TYGR

Type Inference on Stripped Binaries using Graph Neural Networks

TYDA data set

This dataset contains C and C++ binaries from Gentoo Linux, each compiled with one of four different compiler optimization flags: O0, O1, O2, and O3. Each set of binaries for a specific optimization level is associated with a .json file named C_CPP_binaries_{opt}.json, where opt represents the optimization level (O0, O1, O2, or O3). These JSON files include metadata about the binary, such as the language, whether it has inline functions or dwarf info, among other details.

Please find the rest of TYDA C binaries here. c binaries.

Setup

Make sure you install torch, torch_geometric, pyvex, and elftools. It is recommended that you use conda to manage your environment. CUDA is supported during the training and testing process.

To use the provided environment.yml, please use

conda env create -f environment.yml

This will create a conda environment called TYGR. You can then call

conda activate TYGR

to activate it. It is expected that you may need to install different versions of the above libraries (e.g. torch_geometric). In this case, you should manually install the dependencies.

How to use

Please find trained models in model folder.

1. Dataset Generation

To test a model or train a new model, first try to generate dataset from binaries:

./TYGR datagen PATH/TO/YOUR/BINARY DATASET.pkl

Make sure the binaries being used in this stage is properly compiled with DWARF information available.

Note that one can specify a --method flag which defaults to glow, representing our best model. To try out other methods like Transformer or BiLSTM, you should feed another flag to the datagen process to generate data suitable for the corresponding method.

If the binaries are larger than 1MB I would suggest to run in parallel mode since ANGR is slow. You should be able to specify the number of processors in src/methods/glow/datagen.py. Be careful about the memory usage as ANGR may explode your memory.

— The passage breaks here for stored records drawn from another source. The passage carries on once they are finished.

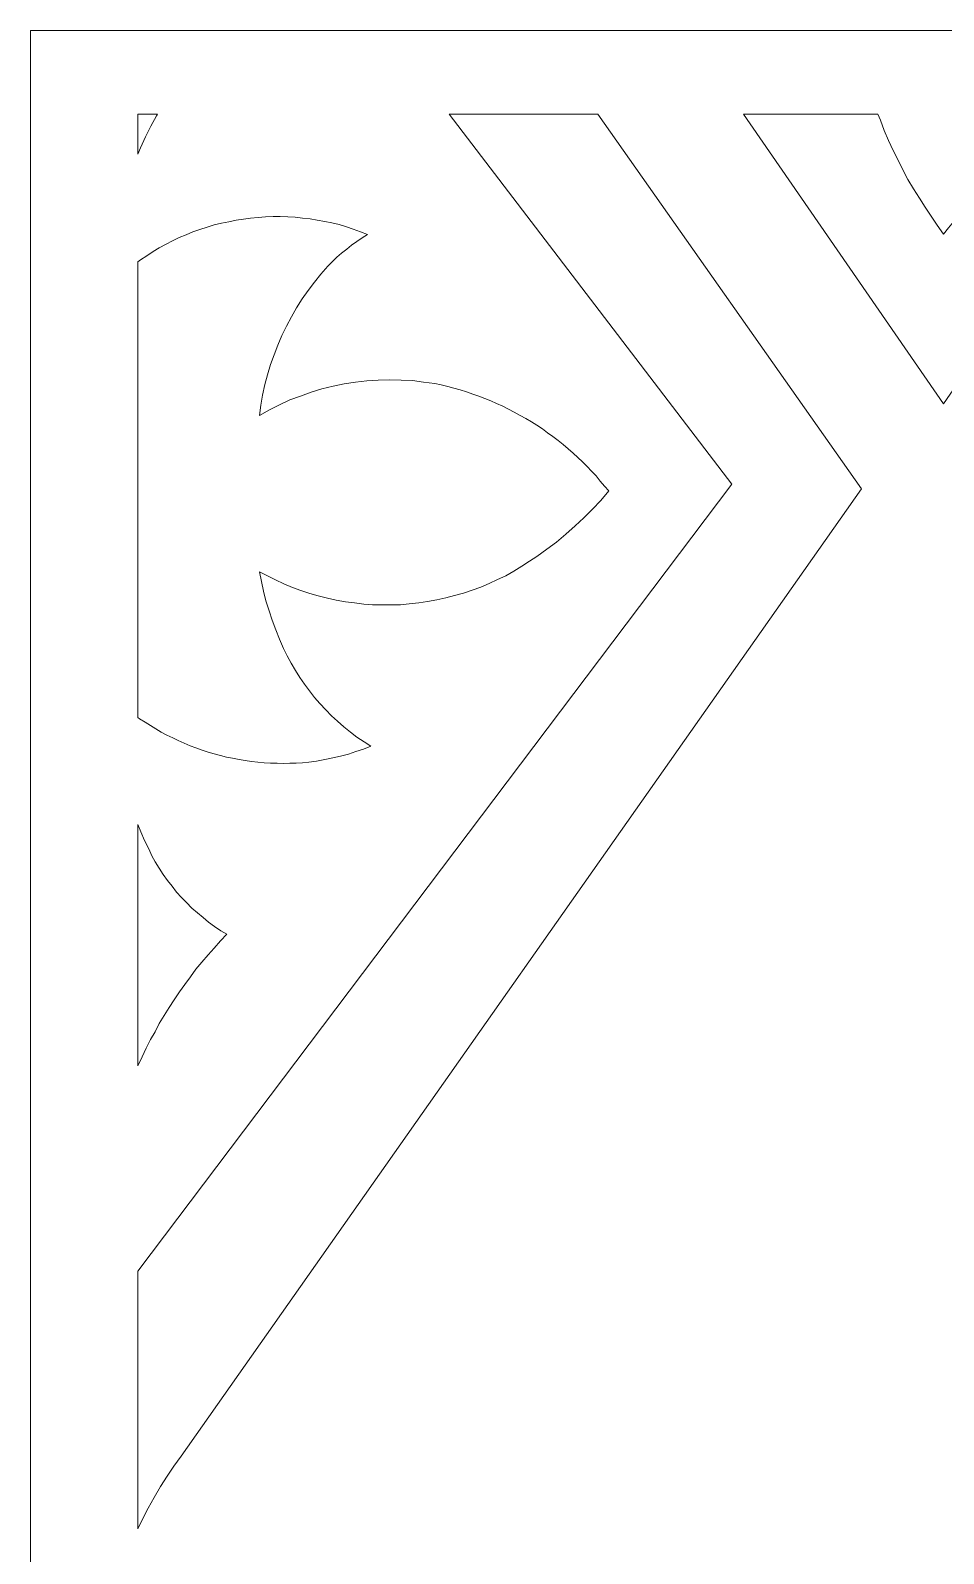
# Model space of a CAD drawing. Header units: centimetres. Extents: x -9.4 to 6.3, y -13 to 13.6.
# Drawn here: x -0.54 to 2.86, y 7.92 to 13.59 of the extents above; entities that cross this region are included whole.
import ezdxf

# ---------------------------------------------------------------- set-up
doc = ezdxf.new("R2010")
doc.units = ezdxf.units.CM
doc.header["$MEASUREMENT"] = 0
doc.layers.add('layer 1', color=7, linetype='Continuous')

msp = doc.modelspace()

# ---------------------------------------------------------------- linework, layer by layer
at = {"layer": 'layer 1', "color": 242, "lineweight": 9}
for points, knots in [([(-0.53695, 13.58709), (-0.53695, 13.58709), (6.25027, 13.58709), (6.25027, 13.58709), (6.25027, 13.58709), (6.25027, 13.58709), (6.25027, -13.01887), (6.25027, -13.01887), (6.25027, -13.01887), (6.25027, -13.01887), (-0.53695, -13.01887), (-0.53695, -13.01887), (-0.53695, -13.01887), (-0.53695, -13.01887), (-0.53695, 13.58709), (-0.53695, 13.58709)], [0, 0, 0, 0, 0.2, 0.2, 0.2, 0.2, 0.4, 0.4, 0.4, 0.4, 0.6, 0.6, 0.6, 0.6, 1, 1, 1, 1]), ([(-0.13758, 13.27641), (-0.13758, 13.27641), (-0.06486, 13.27641), (-0.06486, 13.27641), (-0.06486, 13.27641), (-0.06486, 13.27641), (-0.06881, 13.27012), (-0.06881, 13.27012), (-0.06881, 13.27012), (-0.06881, 13.27012), (-0.08995, 13.23101), (-0.08995, 13.23101), (-0.08995, 13.23101), (-0.08995, 13.23101), (-0.11004, 13.19189), (-0.11004, 13.19189), (-0.11004, 13.19189), (-0.11004, 13.19189), (-0.12803, 13.15065), (-0.12803, 13.15065), (-0.12803, 13.15065), (-0.12803, 13.15065), (-0.13758, 13.12646), (-0.13758, 13.12646), (-0.13758, 13.12646), (-0.13758, 13.12646), (-0.13758, 13.27641), (-0.13758, 13.27641)], [0, 0, 0, 0, 0.125, 0.125, 0.125, 0.125, 0.25, 0.25, 0.25, 0.25, 0.375, 0.375, 0.375, 0.375, 0.5, 0.5, 0.5, 0.5, 0.625, 0.625, 0.625, 0.625, 0.75, 0.75, 0.75, 0.75, 1, 1, 1, 1]), ([(1.01922, 13.27641), (1.01922, 13.27641), (1.57191, 13.27641), (1.57191, 13.27641), (1.57191, 13.27641), (1.57191, 13.27641), (2.55216, 11.88193), (2.55216, 11.88193), (2.55216, 11.88193), (2.55216, 11.88193), (0.02316, 8.28509), (0.02316, 8.28509), (0.02316, 8.28509), (0.02316, 8.28509), (-0.00432, 8.24809), (-0.00432, 8.24809), (-0.00432, 8.24809), (-0.00432, 8.24809), (-0.02864, 8.21001), (-0.02864, 8.21001), (-0.02864, 8.21001), (-0.02864, 8.21001), (-0.05401, 8.17195), (-0.05401, 8.17195), (-0.05401, 8.17195), (-0.05401, 8.17195), (-0.07727, 8.13178), (-0.07727, 8.13178), (-0.07727, 8.13178), (-0.07727, 8.13178), (-0.09947, 8.09161), (-0.09947, 8.09161), (-0.09947, 8.09161), (-0.09947, 8.09161), (-0.12063, 8.05036), (-0.12063, 8.05036), (-0.12063, 8.05036), (-0.12063, 8.05036), (-0.13758, 8.01458), (-0.13758, 8.01458), (-0.13758, 8.01458), (-0.13758, 8.01458), (-0.13758, 8.97307), (-0.13758, 8.97307), (-0.13758, 8.97307), (-0.13758, 8.97307), (2.07004, 11.8999), (2.07004, 11.8999), (2.07004, 11.8999), (2.07004, 11.8999), (1.01922, 13.27641), (1.01922, 13.27641)], [0, 0, 0, 0, 0.0714286, 0.0714286, 0.0714286, 0.0714286, 0.1428571, 0.1428571, 0.1428571, 0.1428571, 0.2142857, 0.2142857, 0.2142857, 0.2142857, 0.2857143, 0.2857143, 0.2857143, 0.2857143, 0.3571429, 0.3571429, 0.3571429, 0.3571429, 0.4285714, 0.4285714, 0.4285714, 0.4285714, 0.5, 0.5, 0.5, 0.5, 0.5714286, 0.5714286, 0.5714286, 0.5714286, 0.6428571, 0.6428571, 0.6428571, 0.6428571, 0.7142857, 0.7142857, 0.7142857, 0.7142857, 0.7857143, 0.7857143, 0.7857143, 0.7857143, 0.8571429, 0.8571429, 0.8571429, 0.8571429, 1, 1, 1, 1]), ([(2.11383, 13.27641), (2.11383, 13.27641), (2.61267, 13.27641), (2.61267, 13.27641), (2.61267, 13.27641), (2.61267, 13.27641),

You can combine different datasets by using the datamerge command:

./TYGR datamerge DATASET1.pkl DATASET2.pkl -o MERGED.pkl

Then you can use scripts/split_model_pkl.py to parse the dataset for MODEL_base and MODEL_struct.

Lastly, you can split the dataset into training, validation, and testing sets

./TYGR datasplit MERGED.pkl --train TRAIN.pkl --validation VALID.pkl --test TEST.pkl

By default, we use 80% of the data on training, 10% for validation and 10% for testing. You can change this by feeding more command line flags. Please consult ./TYGR datasplit --help for more information.

2. Training & Testing

You can train a new model given that you have the dataset setup. Then you should use

./TYGR train TRAIN.pkl VALID.pkl -o MODEL.model

Make sure you feed a desired --epoch, --lr, and --method. The training won't take very long for our default (best) model. The best model, as determined by the validation set, will be stored along the way, named MODEL.model.best. The final model will be stored using the provided name.

To test the trained model, simply do

./TYGR test MODEL.model TEST.pkl

where TEST.pkl is the testing dataset and the MODEL.model is the trained model generated by the training process. If --method is specified during datagen and training phases, make sure you pass in the same flag for testing as well.

Function deduplication

TYDA data set still contains duplicate functions.

Please use the scripts/angr_func_hash.py to get the list of duplicate functions, every function in the same hash are duplicate functions.

During datamerge, skip functions in the duplicate list.